I have been having a serious pity party for some weeks, just can’t seem to get out of it but today I took a long look at myself and decided I had to start trying to follow my own advice.


I have lived my life to the best of my ability (most of the time). I have been blessed 500 fold. So that is what I should be concentrating on not the heartaches that have been sprinkled in too often. I ask the Lord almost daily to take away the heartache I have suffered and to please give me peace.
I have an OCD mind but instead of lining up all the medicine bottles on the table I line up the many wrongs I feel I have suffered and sometimes my cluttered mind unwraps them one by and I feel the fresh pain all over again. Why do I do this? I know I should leave the past in the past where it belongs but as hard as I try on a bad day one of those memories will come creeping in and I deal with it all over again. Foolish. Completely foolish.
Because of my own hurts I have been able to empathize with others. So I should be thankful for those hurts. Today I  am making a “New Years resolution” to stop the pity parties and try to replace them with peace. I think we all want peace in our lives but create, in our minds, the very opposite.
We can have peace or we can hold onto to old hurts and give them the control to keep having that negative impact on our lives. Nobody wants the latter but we sometimes let our guard down and allow the old hurts to creep in.

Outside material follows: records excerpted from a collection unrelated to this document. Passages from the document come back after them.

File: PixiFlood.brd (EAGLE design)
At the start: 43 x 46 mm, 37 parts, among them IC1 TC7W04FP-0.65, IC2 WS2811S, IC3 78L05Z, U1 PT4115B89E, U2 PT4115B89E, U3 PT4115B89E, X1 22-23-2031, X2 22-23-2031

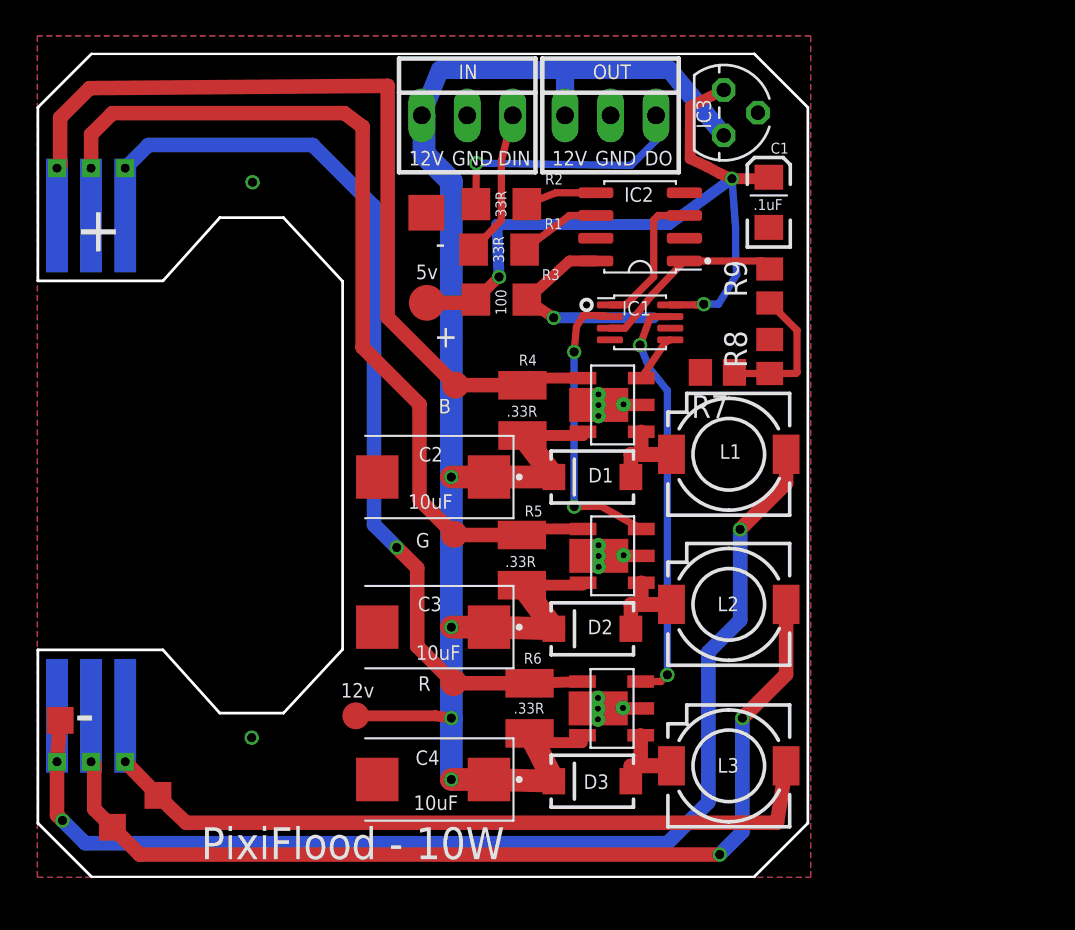
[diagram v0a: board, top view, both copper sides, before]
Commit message: Reworked layout
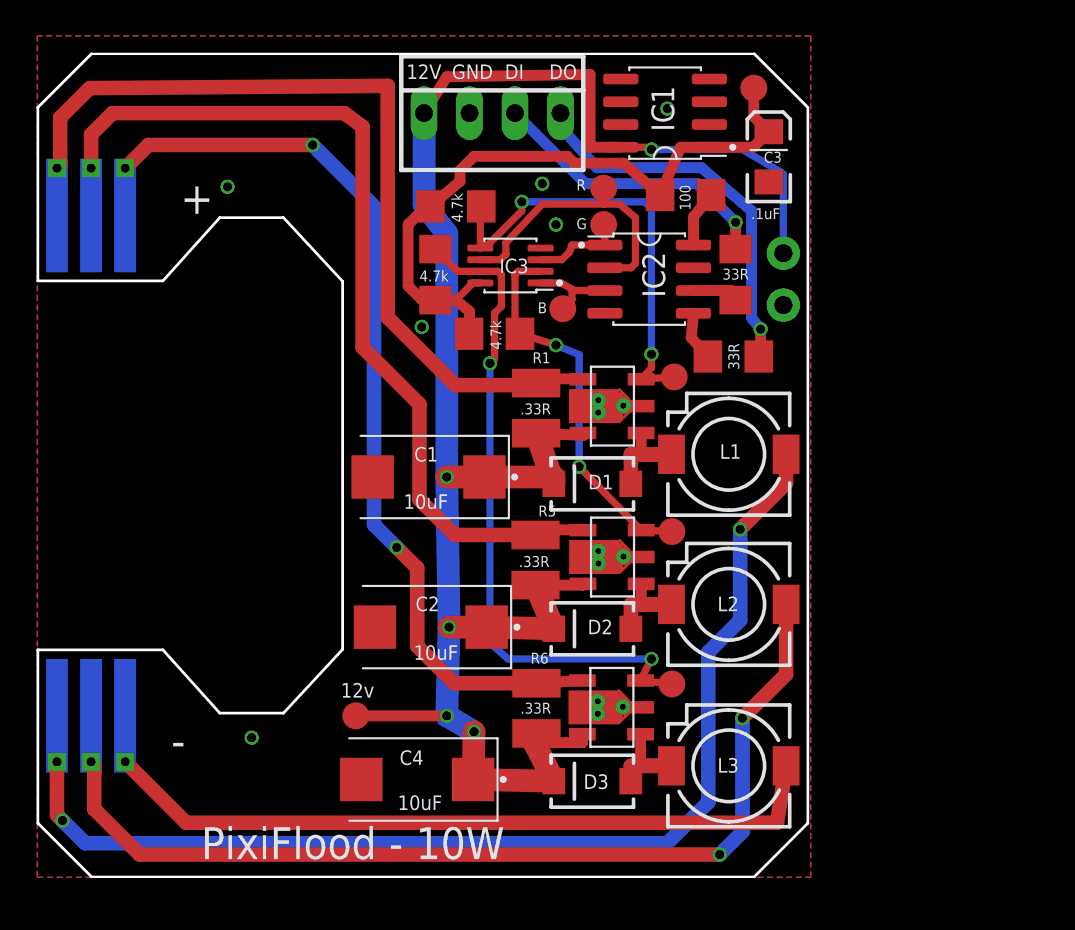
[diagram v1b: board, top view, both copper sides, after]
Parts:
- removed TP8: TPSQTP15SQ, testpad:TP15SQ
- removed X2: 22-23-2031, MyLibrary:22-23-2031
- added JP1: M02NO_SILK_LOCK, connectors:1X02_LOCK_NO_SILK
- C1: value .1uF -> 10uF; device capacitors:EIA3216 -> capacitors:VISHAY-CASE-D
- C3: value 10uF -> .1uF; device capacitors:VISHAY-CASE-D -> capacitors:EIA3216
- IC1: value TC7W04FP-0.65 -> 78L05SMD; device logic:SSOP8-0.65P -> regulators:SO08
- IC2: device drivers:WS2811S -> drivers:SO08
- IC3: value 78L05Z -> TC7W04FP-0.65; device linear:TO92 -> logic:SSOP8-0.65P
- R1: value 33R -> .33R; device rcl:R1206 -> resistor:R1210
- R3: value 100 -> 33R
- R4: value .33R -> 100; device resistor:R1210 -> rcl:R1206
- R7, R8, R9: value 4.7K -> 4.7k; device rcl:R0805 -> rcl:R1206
- TP1: value TPSQTP20R -> TPSQTP15R; device testpad:TP20R -> testpad:TP15R
- TP2: value TPSQTP20SQ -> TPSQTP15R; device testpad:TP20SQ -> testpad:TP15R
- TP4, TP6: value TPSQTP15SQ -> TPSQTP15R; device testpad:TP15SQ -> testpad:TP15R
- U1, U2, U3: value PT4115B89E -> PT4115B89E-A; device drivers:SOT89-5 -> drivers:SOT-89-5-A
- X1: value 22-23-2031 -> 22-23-2041; device MyLibrary:22-23-2031 -> connectors:22-23-2041
- moved TP6 35.3 mm to (35.4, 19.3)
- moved C3 32.3 mm to (40.8, 40.2), turned to 90 degrees
- moved TP5 30.0 mm to (40.0, 44.1)
- moved TP7 26.9 mm to (31.6, 36.4)
- moved C1 24.4 mm to (21.8, 22.4), turned to 0 degrees
- moved R9 18.1 mm to (23.4, 37.5), turned to 0 degrees
- moved TP9 17.7 mm to (35.4, 10.8)
- moved R7 16.7 mm to (22.2, 33.7), turned to 90 degrees
- moved TP4 16.5 mm to (17.8, 9.02)
- moved R8 15.4 mm to (25.5, 30.4), turned to 0 degrees
- moved R4 15.1 mm to (36.2, 38.1), turned to 0 degrees
- moved IC3 14.7 mm to (26.4, 34.2), turned to 90 degrees
- moved TP1 14.4 mm to (35.6, 27.9)
- moved TP3 13.8 mm to (31.6, 38.5)
- moved R2 13.7 mm to (39.0, 33.7), turned to 270 degrees
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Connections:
- removed net N$18: R7.1, R8.1, R9.1
- net +12V: now also C1.1, IC1.8, JP1.1, R1.2, TP4.TP; no longer C3.1, IC3.3, R4.2, TP9.TP, X2.1
- net +5V: now also C3.A, IC1.1, IC3.8, R4.1, R7.1, R8.1, R9.1, TP5.TP; no longer C1.A, IC1.8, IC3.1, R3.1, TP1.TP
- net BLUE: now also IC3.7, R7.2, TP9.TP; no longer IC1.7
- net BOUT: no longer TP7.TP
- net GND: now also C1.2, C3.C, IC1.2, IC1.3, IC1.6, IC1.7, IC3.4, JP1.2, U1.P$1, U1.P$2, U1.P$3, U1.P$4, U1.P$5, U2.P$1, U2.P$2, U2.P$3, U2.P$4, U2.P$5, U3.P$1, U3.P$2, U3.P$3, U3.P$4, U3.P$5; no longer C1.C, C3.2, IC1.4, IC3.2, TP2.TP, U1.2A@2, U2.2A@2, U3.2A@2, X2.2
- net GOUT: no longer TP5.TP
- net GREEN: now also IC3.2, R8.2, TP6.TP; no longer IC1.2
- net N$10: no longer TP8.TP
- net N$14: now also R4.2; no longer R3.2
- net N$15: now also IC3.3, TP7.TP; no longer IC1.3, R9.2
- net N$16: now also IC3.1, TP2.TP; no longer IC1.1, R7.2
- net N$19: now also IC3.6, TP3.TP; no longer IC1.6, R8.2
- net N$3: no longer TP4.TP
- net N$4: now also R3.1, X1.4; no longer R2.1, X2.3
- net N$6: now also R2.1; no longer R1.1
- net N$7: now also R3.2; no longer R2.2
- net N$8: now also R2.2; no longer R1.2
- net N$9: no longer TP6.TP
- net RED: now also IC3.5, R9.2, TP1.TP; no longer IC1.5
- net ROUT: now also R1.1; no longer R4.1, TP3.TP
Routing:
- net RED: track 2.72 -> 25.0 mm, vias 0 -> 2
- net N$19: track 0.00 -> 15.9 mm
- net BLUE: track 23.3 -> 37.6 mm
- net N$14: track 12.1 -> 3.14 mm, vias 1 -> 0
- net N$6: track 8.18 -> 16.3 mm, vias 0 -> 1
- net N$18: track 8.05 -> 0.00 mm
- net N$4: track 14.3 -> 21.7 mm
- net +12V: track 101.8 -> 107.7 mm, vias 4 -> 5
- net N$15: track 10.8 -> 5.34 mm
- net GREEN: track 16.4 -> 21.4 mm
- net N$16: track 8.09 -> 5.00 mm
- net +5V: track 41.2 -> 38.1 mm, vias 3 -> 0
- net N$3: track 67.1 -> 64.7 mm
- net N$8: track 4.62 -> 2.74 mm
- net N$7: track 3.97 -> 2.77 mm
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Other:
- board text added: "DI"
- board text added: "v1.8"
- board text removed: "+"
- board text removed: "-"
- board text removed: "5v"
- board text removed: "DIN"
- board text removed: "IN"
- board text removed: "OUT"
- board text removed: "v1.6"

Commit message: Reworked layout
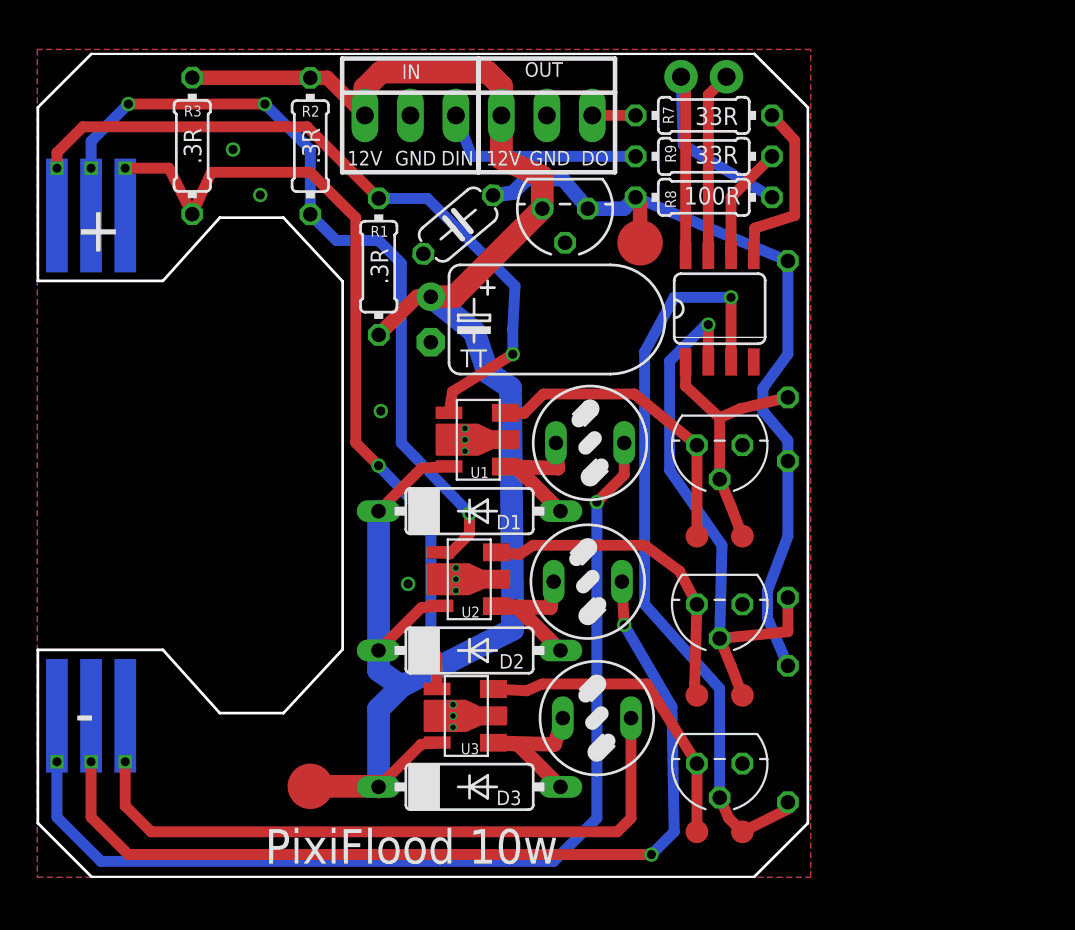
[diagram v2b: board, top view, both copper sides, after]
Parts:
- removed C3: .1uF, capacitors:EIA3216
- removed C4: 10uF, capacitors:VISHAY-CASE-D
- removed IC3: TC7W04FP-0.65, logic:SSOP8-0.65P
- removed TP9: TPSQTP15R, testpad:TP15R
- added T1, T2, T3: 2N3904, transistor:TO92
- added TP8: PTR1B1,27, testpad:B1,27
- added X2: 22-23-2031, connectors:22-23-2031
- C1: value 10uF -> 100uF; device capacitors:VISHAY-CASE-D -> rcl:TT2D6L
- C2: value 10uF -> .1uF; device capacitors:VISHAY-CASE-D -> rcl:C050-024X044
- D1, D2, D3: value B340A -> 2N3904; device SparkFun-DiscreteSemi:SMA-DIODE -> diode:DO07
- IC1: value 78L05SMD -> WS2811-SOP8; device regulators:SO08 -> MyLibrary:SO08-SKINNYPADS
- IC2: value WS2811S -> 78L05Z; device drivers:SO08 -> linear:TO92
- JP1: value M02NO_SILK_LOCK -> M021X02_NO_SILK; device connectors:1X02_LOCK_NO_SILK -> SparkFun-Connectors:1X02_NO_SILK
- L1, L2, L3: value SLF7045T-101MR60-H -> 82114R; device inductors:SLF7045 -> inductors:82114R
- R1: value .33R -> .3R; device resistor:R1210 -> resistor:0204/7
- R2, R3: value 33R -> .3R; device rcl:R1206 -> resistor:0204/7
- R4: value 100 -> 4.7k; device rcl:R1206 -> resistor:0204/7
- R5, R6: value .33R -> 4.7k; device resistor:R1210 -> resistor:0204/7
- R7, R9: value 4.7k -> 33R; device rcl:R1206 -> rcl:0204/7
- R8: value 4.7k -> 100R; device rcl:R1206 -> rcl:0204/7
- TP1, TP2: value TPSQTP15R -> PTR1B2,54; device testpad:TP15R -> testpad:B2,54
- TP3, TP4, TP5, TP6, TP7: value TPSQTP15R -> PTR1B1,27; device testpad:TP15R -> testpad:B1,27
- U1, U2, U3: value PT4115B89E-A -> PT4115B89E-A2; device drivers:SOT-89-5-A -> drivers:SOT89-5-A
- X1: value 22-23-2041 -> 22-23-2031; device connectors:22-23-2041 -> connectors:22-23-2031
- moved TP5 33.9 mm to (39.4, 10.2)
- moved R3 32.4 mm to (8.65, 40.8), turned to 270 degrees
- moved TP1 30.6 mm to (15.2, 5.08)
- moved TP7 26.8 mm to (36.8, 10.2)
- moved R2 24.8 mm to (15.2, 40.8)
- moved TP4 22.5 mm to (39.4, 2.54)
- moved C2 22.5 mm to (23.5, 36.4), turned to 220 degrees
- moved TP3 20.9 mm to (39.4, 19.1)
- moved R7 17.4 mm to (37.2, 42.5), turned to 0 degrees
- moved R5 14.2 mm to (41.9, 19.4), flipped to the bottom
- moved R9 14.1 mm to (37.2, 40.3)
- moved R6 14.1 mm to (41.9, 8.00), flipped to the bottom
- moved R8 13.9 mm to (37.2, 38.0)
- moved R1 11.8 mm to (19.1, 34.1), turned to 90 degrees
- moved JP1 11.5 mm to (35.9, 44.7), turned to 0 degrees
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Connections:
- removed net N$14: IC2.8, R4.2
- removed net N$19: IC2.2, IC3.6, TP3.TP
- new net N$18: IC1.2, R5.2, T2.2, TP5.TP
- new net N$20: IC1.1, R4.2, T1.2, TP3.TP
- new net VDD: IC1.8, JP1.1, R8.2
- net +12V: now also C1.+, IC2.3, R1.1, R2.1, R3.1, TP1.TP, X2.1; no longer C1.1, C2.1, C4.1, IC1.8, JP1.1, R1.2, R5.2, R6.2, TP4.TP
- net +5V: now also C2.1, IC2.1, R5.1, R6.1, TP2.TP; no longer C3.A, IC1.1, IC3.8, R7.1, R9.1, TP5.TP
- net BLUE: now also T3.1, TP8.TP; no longer IC3.7, R7.2, TP9.TP
- net BOUT: now also R3.2; no longer R6.1
- net GND: now also C1.-, IC1.4, IC2.2, T1.3, T2.3, T3.3, U1.2@1, U1.2@2, U1.2@3, U2.2@1, U2.2@2, U2.2@3, U3.2@1, U3.2@2, U3.2@3, X2.2; no longer C1.2, C3.C, C4.2, IC1.2, IC1.3, IC1.6, IC1.7, IC2.4, IC3.4, JP1.2, U1.2A, U1.2A@1, U1.2A@3, U1.2A@4, U1.P$1, U1.P$2, U1.P$3, U1.P$4, U1.P$5, U2.2A, U2.2A@1, U2.2A@3, U2.2A@4, U2.P$1, U2.P$2, U2.P$3, U2.P$4, U2.P$5, U3.2A, U3.2A@1, U3.2A@3, U3.2A@4, U3.P$1, U3.P$2, U3.P$3, U3.P$4, U3.P$5
- net GOUT: now also R2.2; no longer R5.1
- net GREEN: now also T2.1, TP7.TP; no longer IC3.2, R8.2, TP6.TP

Hobbies are one of the answers. I can entertain myself at home alone for hours. If nothing else by sitting here banging on my iPad. You too, can bang on your iPad or keyboard. Most of us have had interesting lives so write it down. I have written my memoirs for my daughter so she will know how it was in the “good old days.” But she will never believe it. I remember with fondness of how much fun it was being raised in the country though I didn’t really know it then.
You folks about my age can you remember cutting Prince Albert tin cans in strips to make “curlers?” Then you wrapped the curlers in paper from the Sears Roebuck catalog to keep them from cutting your hair. After a good setting with those little rollers you would be kinky for days!
That’s the kind of memories we need to call up and enjoy them once again in our old age. Write it all down for future generations. They probably won’t believe you but do it anyway.
Sorry, I must go now. Walmart is calling my name. I need my therapy walk and greetings today.